ColonelPhantom · 2026-06-06T20:45:48 1780778748

Deepseek V4 Flash still has 13B active params though? That is about half as many as Qwen3.6-27B (and much more than Qwen3.6-35B-A3B). Given that RAM (even on a base M4 or 'regular' Intel/AMD system) is like an order of magnitude faster than an SSD, even Qwen 27B running from RAM will be much faster than any Deepseek V4 model with SSD offloading. And the MoE will be much faster still.

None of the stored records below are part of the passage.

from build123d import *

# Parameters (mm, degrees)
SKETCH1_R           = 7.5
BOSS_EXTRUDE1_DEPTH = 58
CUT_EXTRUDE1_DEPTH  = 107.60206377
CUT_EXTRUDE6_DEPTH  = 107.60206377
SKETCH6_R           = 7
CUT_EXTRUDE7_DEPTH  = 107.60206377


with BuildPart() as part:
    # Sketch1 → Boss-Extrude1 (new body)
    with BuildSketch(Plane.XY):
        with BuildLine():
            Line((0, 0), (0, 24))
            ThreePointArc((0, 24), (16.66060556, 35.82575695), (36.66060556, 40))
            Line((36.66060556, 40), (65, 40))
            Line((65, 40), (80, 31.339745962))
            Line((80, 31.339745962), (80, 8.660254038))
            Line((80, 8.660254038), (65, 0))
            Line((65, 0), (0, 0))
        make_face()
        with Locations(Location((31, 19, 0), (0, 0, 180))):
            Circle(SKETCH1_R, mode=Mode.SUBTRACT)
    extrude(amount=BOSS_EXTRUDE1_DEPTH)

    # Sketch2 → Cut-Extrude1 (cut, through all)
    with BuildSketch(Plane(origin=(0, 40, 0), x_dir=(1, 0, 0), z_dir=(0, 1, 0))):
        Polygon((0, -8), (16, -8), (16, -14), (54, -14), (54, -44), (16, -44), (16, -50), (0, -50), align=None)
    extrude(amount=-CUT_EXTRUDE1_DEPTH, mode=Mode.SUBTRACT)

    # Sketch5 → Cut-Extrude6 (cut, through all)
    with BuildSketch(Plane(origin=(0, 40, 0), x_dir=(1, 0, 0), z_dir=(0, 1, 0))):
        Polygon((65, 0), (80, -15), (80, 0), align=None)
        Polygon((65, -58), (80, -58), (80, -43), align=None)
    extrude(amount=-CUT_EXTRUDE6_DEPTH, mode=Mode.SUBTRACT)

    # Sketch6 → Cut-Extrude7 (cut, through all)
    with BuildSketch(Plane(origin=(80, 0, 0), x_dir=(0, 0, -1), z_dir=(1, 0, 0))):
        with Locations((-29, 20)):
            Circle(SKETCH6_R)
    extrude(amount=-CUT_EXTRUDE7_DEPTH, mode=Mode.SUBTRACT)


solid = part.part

Qwen 27B is also small enough to completely fit in a high-end consumer or mid-end pro GPU, like an RTX 5090 or Radeon PRO R9700. I found results claiming 30 tokens per second generation for 27B(-Q4_K_XL) on an R9700. I doubt you get more than 5 tokens per second doing SSD MoE streaming.

Even for relatively short contexts, I honestly already find the ~30B class MoE models to be only borderline acceptable in terms of speed on my laptop (Ryzen 7 7840U, 64 GB LPDDR5-6400), though I use Gemma 4 26B-A4B more than Qwen3.6 35B-A3B.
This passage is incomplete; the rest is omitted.